=== ASSIGNMENT ===
Give the number of lines in the records below that hold "POPULARITY"; nothing else is needed.

(Stored data entries)
* * *

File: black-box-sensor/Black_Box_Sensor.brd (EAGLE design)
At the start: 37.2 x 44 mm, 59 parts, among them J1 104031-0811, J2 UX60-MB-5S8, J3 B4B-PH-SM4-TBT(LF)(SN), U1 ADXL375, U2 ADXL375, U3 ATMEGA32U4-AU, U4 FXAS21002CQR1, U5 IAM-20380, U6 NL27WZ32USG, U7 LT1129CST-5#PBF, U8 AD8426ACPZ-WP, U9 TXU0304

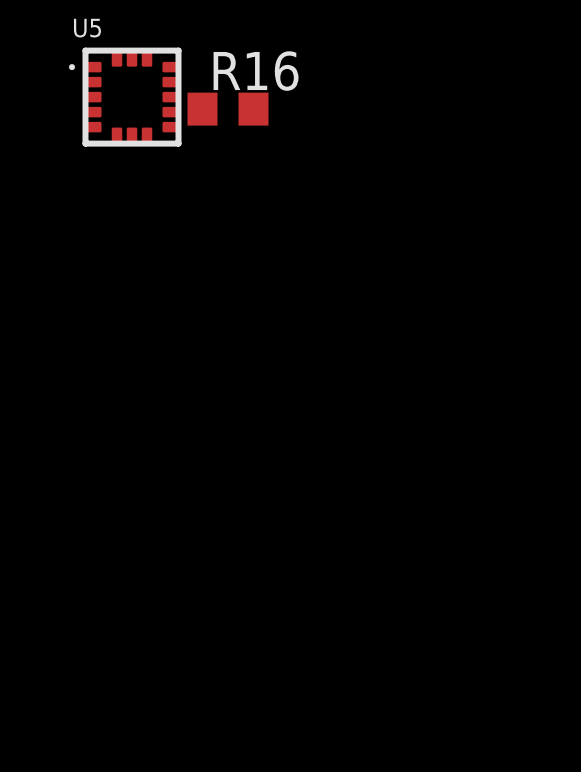
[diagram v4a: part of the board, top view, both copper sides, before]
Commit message: Added gyroscope
missing some connections, and its capacitors may not have the right footprint, will follow up with Valentin later about it
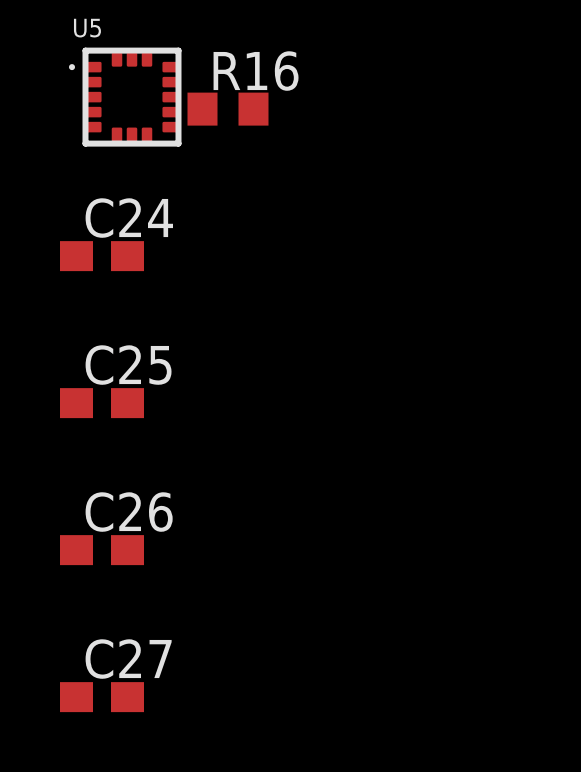
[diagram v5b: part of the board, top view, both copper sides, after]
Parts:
- added C24: 0.1uF, rcl:C0603
- added C25: 2.2uF, rcl:C0603
- added C26: 0.47uF, rcl:C0603
- added C27: 10nF, rcl:C0603
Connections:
- new net N$10: C26.1, U5.14
- net 3.3V: now also C24.1, C25.1, C27.1, U5.1, U5.16, U5.5
- net GND: now also C24.2, C25.2, C26.2, C27.2, U5.10, U5.11, U5.12, U5.13, U5.15, U5.9
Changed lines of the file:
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@@
 <?xml version="1.0" encoding="utf-8"?>
 <!DOCTYPE eagle SYSTEM "eagle.dtd">
-<eagle version="9.6.2">
+<eagle version="9.5.1">
 <drawing>
 <settings>
@@
 <attribute name="VALUE" x="-3.8" y="-12.7" size="0.609659375" layer="27" font="vector" ratio="10" align="top-left"/>
 </element>
+<element name="C24" library="rcl" library_urn="urn:adsk.eagle:library:334" package="C0603" package3d_urn="urn:adsk.eagle:package:23616/2" value="0.1uF" x="-2.8" y="-16" smashed="yes">
+<attribute name="DKPN" value="CGA3E2X7R1E104K080AA " x="-2.8" y="-16" size="1.778" layer="27" display="off"/>
+<attribute name="NAME" x="-3.435" y="-15.365" size="1.27" layer="25"/>
+<attribute name="POPULARITY" value="37" x="-2.8" y="-16" size="1.778" layer="27" display="off"/>
+<attribute name="SPICEPREFIX" value="C" x="-2.8" y="-16" size="1.778" layer="27" display="off"/>
+<attribute name="VALUE" x="-3.435" y="-17.905" size="1.27" layer="27"/>
+</element>
+<element name="C25" library="rcl" library_urn="urn:adsk.eagle:library:334" package="C0603" package3d_urn="urn:adsk.eagle:package:23616/2" value="2.2uF" x="-2.8" y="-20.9" smashed="yes">
+<attribute name="DKPN" value="C1608X5R1C225K080AB" x="-2.8" y="-20.9" size="1.778" layer="27" display="off"/>
+<attribute name="NAME" x="-3.435" y="-20.265" size="1.27" layer="25"/>
+<attribute name="POPULARITY" value="37" x="-2.8" y="-20.9" size="1.778" layer="27" display="off"/>
+<attribute name="SPICEPREFIX" value="C" x="-2.8" y="-20.9" size="1.778" layer="27" display="off"/>
+<attribute name="VALUE" x="-3.435" y="-22.805" size="1.27" layer="27"/>
+</element>
+<element name="C26" library="rcl" library_urn="urn:adsk.eagle:library:334" package="C0603" package3d_urn="urn:adsk.eagle:package:23616/2" value="0.47uF" x="-2.8" y="-25.8" smashed="yes">
+<attribute name="DKPN" value="C0603X5R0J474M030BC" x="-2.8" y="-25.8" size="1.778" layer="27" display="off"/>
+<attribute name="NAME" x="-3.435" y="-25.165" size="1.27" layer="25"/>
+<attribute name="POPULARITY" value="37" x="-2.8" y="-25.8" size="1.778" layer="27" display="off"/>
+<attribute name="SPICEPREFIX" value="C" x="-2.8" y="-25.8" size="1.778" layer="27" display="off"/>
+<attribute name="VALUE" x="-3.435" y="-27.705" size="1.27" layer="27"/>
+</element>
+<element name="C27" library="rcl" library_urn="urn:adsk.eagle:library:334" package="C0603" package3d_urn="urn:adsk.eagle:package:23616/2" value="10nF" x="-2.8" y="-30.7" smashed="yes">
+<attribute name="DKPN" value="C1608X7R2A103M080AA" x="-2.8" y="-30.7" size="1.778" layer="27" display="off"/>
+<attribute name="NAME" x="-3.435" y="-30.065" size="1.27" layer="25"/>
+<attribute name="POPULARITY" value="37" x="-2.8" y="-30.7" size="1.778" layer="27" display="off"/>
+<attribute name="SPICEPREFIX" value="C" x="-2.8" y="-30.7" size="1.778" layer="27" display="off"/>
+<attribute name="VALUE" x="-3.435" y="-32.605" size="1.27" layer="27"/>
+</element>
 </elements>
 <signals>
@@
 <contactref element="C22" pad="2"/>
 <contactref element="C23" pad="2"/>
+<contactref element="U5" pad="9"/>
+<contactref element="U5" pad="13"/>
+<contactref element="U5" pad="15"/>
+<contactref element="U5" pad="11"/>
+<contactref element="U5" pad="12"/>
+<contactref element="U5" pad="10"/>
+<contactref element="C25" pad="2"/>
+<contactref element="C24" pad="2"/>
+<contactref element="C26" pad="2"/>
+<contactref element="C27" pad="2"/>
 <wire x1="35.6" y1="31.2314" x2="34.85" y2="32.5" width="0" layer="19" extent="16-16"/>
 <wire x1="33.06" y1="29.5" x2="35.3" y2="29.6" width="0" layer="19" extent="1-16"/>
@@
 <wire x1="21.98" y1="5.9352" x2="19.58" y2="3.6852" width="0" layer="19" extent="1-1"/>
 <wire x1="30.38" y1="3.6852" x2="21.98" y2="5.9352" width="0" layer="19" extent="1-1"/>
+<wire x1="-0.54" y1="-9.7" x2="4.6" y2="1.6" width="0" layer="19" extent="1-1"/>
+<wire x1="-0.54" y1="-10.2" x2="-0.54" y2="-9.7" width="0" layer="19" extent="1-1"/>
+<wire x1="-0.54" y1="-10.7" x2="-0.54" y2="-10.2" width="0" layer="19" extent="1-1"/>
+<wire x1="-0.54" y1="-11.2" x2="-0.54" y2="-10.7" width="0" layer="19" extent="1-1"/>
+<wire x1="-0.54" y1="-11.7" x2="-0.54" y2="-11.2" width="0" layer="19" extent="1-1"/>
+<wire x1="-1.8" y1="-9.44" x2="-0.54" y2="-9.7" width="0" layer="19" extent="1-1"/>
+<wire x1="-1.95" y1="-16" x2="-0.54" y2="-11.7" width="0" layer="19" extent="1-1"/>
+<wire x1="-1.95" y1="-20.9" x2="-1.95" y2="-16" width="0" layer="19" extent="1-1"/>
+<wire x1="-1.95" y1="-25.8" x2="-1.95" y2="-20.9" width="0" layer="19" extent="1-1"/>
+<wire x1="-1.95" y1="-30.7" x2="-1.95" y2="-25.8" width="0" layer="19" extent="1-1"/>
 </signal>
 <signal name="VBATT">
@@
 <contactref element="C22" pad="1"/>
 <contactref element="U$1" pad="5"/>
+<contactref element="C24" pad="1"/>
+<contactref element="C25" pad="1"/>
+<contactref element="U5" pad="16"/>
+<contactref element="C27" pad="1"/>
+<contactref element="U5" pad="1"/>
+<contactref element="U5" pad="5"/>
 <wire x1="25.96" y1="20.87" x2="29.48" y2="20.87" width="0" layer="19" extent="16-16"/>
 <wire x1="23.35" y1="17.965" x2="25.227775" y2="18.527775" width="0" layer="19" extent="1-1"/>
@@
 <wire x1="14.4" y1="34.75" x2="14.75" y2="35.1" width="0" layer="19" extent="1-16"/>
 <wire x1="11.335" y1="1.23" x2="11.04" y2="14.29" width="0" layer="19" extent="1-16"/>
+<wire x1="-2.3" y1="-9.44" x2="11.335" y2="1.23" width="0" layer="19" extent="1-1"/>
+<wire x1="-3.06" y1="-9.7" x2="-2.3" y2="-9.44" width="0" layer="19" extent="1-1"/>
+<wire x1="-3.06" y1="-11.7" x2="-3.06" y2="-9.7" width="0" layer="19" extent="1-1"/>
+<wire x1="-3.65" y1="-16" x2="-3.06" y2="-11.7" width="0" layer="19" extent="1-1"/>
+<wire x1="-3.65" y1="-20.9" x2="-3.65" y2="-16" width="0" layer="19" extent="1-1"/>
+<wire x1="-3.65" y1="-30.7" x2="-3.65" y2="-20.9" width="0" layer="19" extent="1-1"/>
 </signal>
 <signal name="N$1">
@@
 <contactref element="ISP1" pad="2"/>
 </signal>
+<signal name="N$10">
+<contactref element="U5" pad="14"/>
+<contactref element="C26" pad="1"/>
+<wire x1="-1.3" y1="-9.44" x2="-3.65" y2="-25.8" width="0" layer="19" extent="1-1"/>
+</signal>
 </signals>

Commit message: Gyroscope wiring complete
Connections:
- new net FSYNC_GYRO: U3.28
- new net INT6: U3.1
- new net N$11: U5.6
- new net N$12: U5.8
- net GND: now also U5.4
- net INT0: now also U5.2
- net INT1: now also U5.3
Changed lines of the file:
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@@
 <contactref element="C26" pad="2"/>
 <contactref element="C27" pad="2"/>
+<contactref element="U5" pad="4"/>
 <wire x1="35.6" y1="31.2314" x2="34.85" y2="32.5" width="0" layer="19" extent="16-16"/>
 <wire x1="33.06" y1="29.5" x2="35.3" y2="29.6" width="0" layer="19" extent="1-16"/>
@@
 <wire x1="-0.54" y1="-11.7" x2="-0.54" y2="-11.2" width="0" layer="19" extent="1-1"/>
 <wire x1="-1.8" y1="-9.44" x2="-0.54" y2="-9.7" width="0" layer="19" extent="1-1"/>
+<wire x1="-3.06" y1="-11.2" x2="-1.8" y2="-9.44" width="0" layer="19" extent="1-1"/>
 <wire x1="-1.95" y1="-16" x2="-0.54" y2="-11.7" width="0" layer="19" extent="1-1"/>
 <wire x1="-1.95" y1="-20.9" x2="-1.95" y2="-16" width="0" layer="19" extent="1-1"/>
@@
 <wire x1="22.8" y1="24.5" x2="22.498" y2="24.198" width="0.2" layer="1"/>
 <wire x1="22.498" y1="24.198" x2="20.629775" y2="24.198" width="0.2" layer="1"/>
+<contactref element="U5" pad="3"/>
+<wire x1="-3.06" y1="-10.7" x2="6.94" y2="24.8475" width="0" layer="19" extent="1-1"/>
 </signal>
 <signal name="INT0">
@@
 <wire x1="8.7" y1="24.9" x2="8.6475" y2="24.8475" width="0.2" layer="1"/>
 <wire x1="8.6475" y1="24.8475" x2="7.74" y2="24.8475" width="0.2" layer="1"/>
+<contactref element="U5" pad="2"/>
+<wire x1="-3.06" y1="-10.2" x2="7.74" y2="24.8475" width="0" layer="19" extent="1-1"/>
 </signal>
 <signal name="CURRENT">
@@
 <wire x1="-1.3" y1="-9.44" x2="-3.65" y2="-25.8" width="0" layer="19" extent="1-1"/>
 </signal>
+<signal name="INT6">
+<contactref element="U3" pad="1"/>
+</signal>
+<signal name="N$11">
+<contactref element="U5" pad="6"/>
+</signal>
+<signal name="FSYNC_GYRO">
+<contactref element="U3" pad="28"/>
+</signal>
+<signal name="N$12">
+<contactref element="U5" pad="8"/>
+</signal>
 </signals>

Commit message: clean schematic for DR
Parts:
- removed C11, C12: 0.1uF, rcl:C0603K
- removed C6: 0.1uF, rcl:C0603
- removed U4: FXAS21002CQR1, BBS_Library:24-TFQFN
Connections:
- removed net FSYNC_GYRO: U3.28
- removed net N$1: C6.1, U4.16
- removed net N$11: U5.6
- removed net N$12: U5.8
- new net FSYNC: U3.28, U5.8
- net 3.3V: no longer C11.1, C12.1, U4.15, U4.18, U4.4, U4.8
- net CS3: no longer U4.17
- net GND: no longer C11.2, C12.2, C6.2, U4.1, U4.10, U4.14, U4.19, U4.20, U4.21, U4.22, U4.23, U4.24, U4.5, U4.6, U4.7, U4.9
- net INT6: now also U5.6
- net MISO: no longer U4.13
- net MOSI: no longer U4.12
- net SCLK: no longer U4.11
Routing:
- net GND: track 82.3 -> 66.4 mm, vias 31 -> 24
- net 3.3V: track 46.5 -> 40.4 mm, vias 13 -> 11
- net N$1: track 2.75 -> 0.00 mm, vias 1 -> 0
- net SCLK: track 53.0 -> 51.9 mm
- net MOSI: track 34.6 -> 33.6 mm

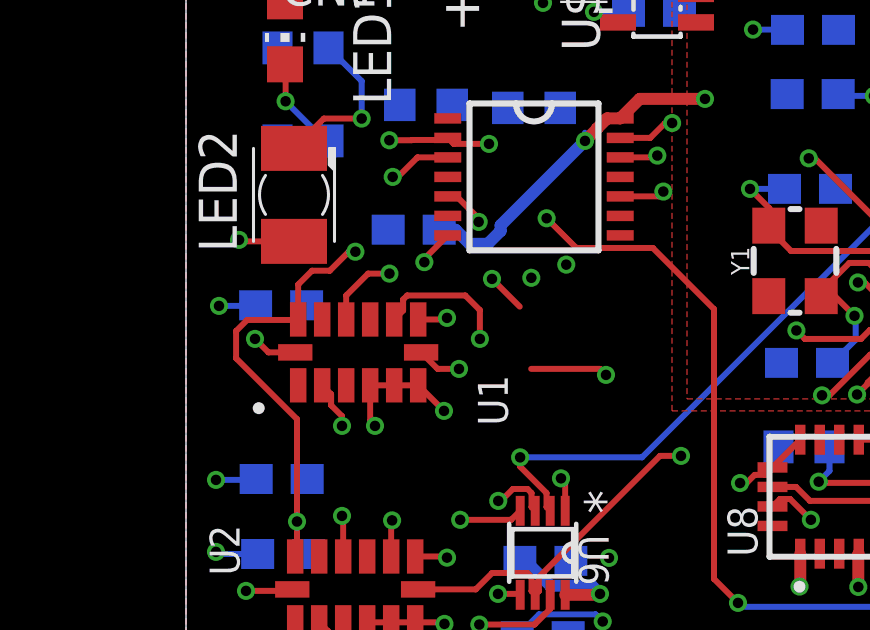
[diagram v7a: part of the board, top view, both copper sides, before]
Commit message: fix some pin connections, but possibly will switch microcontroller
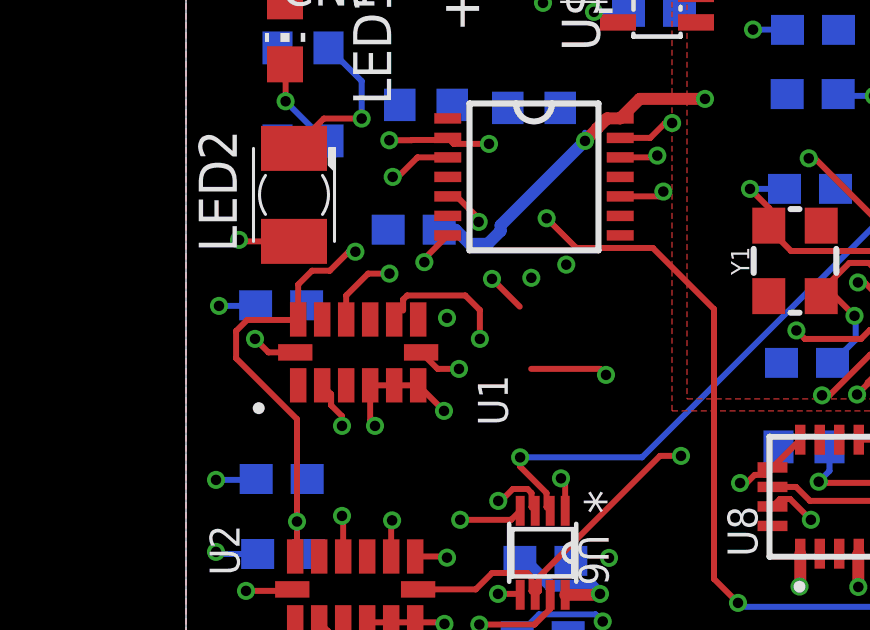
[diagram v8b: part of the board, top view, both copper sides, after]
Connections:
- new net SCL: U3.18, U5.2
- new net SDA: U3.19, U5.3
- net INT0: now also U3.29; no longer U3.18, U5.2
- net INT1: now also U3.30; no longer U3.19, U5.3
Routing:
- net INT1: track 19.4 -> 0.00 mm, vias 2 -> 0
- net SDA: track 0.00 -> 19.0 mm, vias 0 -> 2
- net INT0: track 17.0 -> 0.00 mm, vias 2 -> 0
- net SCL: track 0.00 -> 16.1 mm, vias 0 -> 2
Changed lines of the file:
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@@
 <wire x1="23.178975" y1="23.2" x2="23.7" y2="23.2" width="0.2" layer="1"/>
 </signal>
-<signal name="INT1">
+<signal name="SDA">
 <contactref element="U3" pad="19"/>
-<contactref element="U1" pad="9"/>
 <via x="9.7964" y="24.2" extent="1-16" drill="0.35"/>
 <wire x1="7.238" y1="25.514025" x2="7.370975" y2="25.647" width="0.2" layer="1"/>
 <wire x1="7.370975" y1="25.647" x2="9.309025" y2="25.647" width="0.2" layer="1"/>
-<wire x1="6.94" y1="24.8475" x2="7.238" y2="25.1455" width="0.2" layer="1"/>
 <wire x1="7.238" y1="25.1455" x2="7.238" y2="25.514025" width="0.2" layer="1"/>
 <wire x1="9.7964" y1="24.2" x2="9.7964" y2="25.159625" width="0.2" layer="1"/>
@@
 <wire x1="22.498" y1="24.198" x2="20.629775" y2="24.198" width="0.2" layer="1"/>
 <contactref element="U5" pad="3"/>
-<wire x1="-3.06" y1="-10.7" x2="6.94" y2="24.8475" width="0" layer="19" extent="1-1"/>
-</signal>
-<signal name="INT0">
+<wire x1="-3.06" y1="-10.7" x2="9.7964" y2="24.2" width="0" layer="19" extent="1-1"/>
+</signal>
+<signal name="SCL">
 <contactref element="U3" pad="18"/>
-<contactref element="U1" pad="8"/>
 <via x="22.3988875" y="26.0811125" extent="1-16" drill="0.35"/>
 <wire x1="23.7" y1="25.6" x2="23.101025" y2="25.6" width="0.2" layer="1"/>
@@
 <wire x1="10.42499375" y1="25.3204" x2="10.00459375" y2="24.9" width="0.2" layer="15"/>
 <wire x1="8.7" y1="24.9" x2="8.6475" y2="24.8475" width="0.2" layer="1"/>
-<wire x1="8.6475" y1="24.8475" x2="7.74" y2="24.8475" width="0.2" layer="1"/>
 <contactref element="U5" pad="2"/>
-<wire x1="-3.06" y1="-10.2" x2="7.74" y2="24.8475" width="0" layer="19" extent="1-1"/>
+<wire x1="-3.06" y1="-10.2" x2="8.6475" y2="24.8475" width="0" layer="19" extent="1-1"/>
 </signal>
 <signal name="CURRENT">
@@
 <wire x1="-1.3" y1="-11.96" x2="29.5" y2="20.6" width="0" layer="19" extent="1-1"/>
 </signal>
+<signal name="INT0">
+<contactref element="U1" pad="8"/>
+<contactref element="U3" pad="29"/>
+<wire x1="7.74" y1="24.8475" x2="30.3" y2="20.6" width="0" layer="19" extent="1-1"/>
+</signal>
+<signal name="INT1">
+<contactref element="U1" pad="9"/>
+<contactref element="U3" pad="30"/>
+<wire x1="6.94" y1="24.8475" x2="31.1" y2="20.6" width="0" layer="19" extent="1-1"/>
+</signal>
 </signals>

* * *

=== ANSWER TO THIS TASK ===
4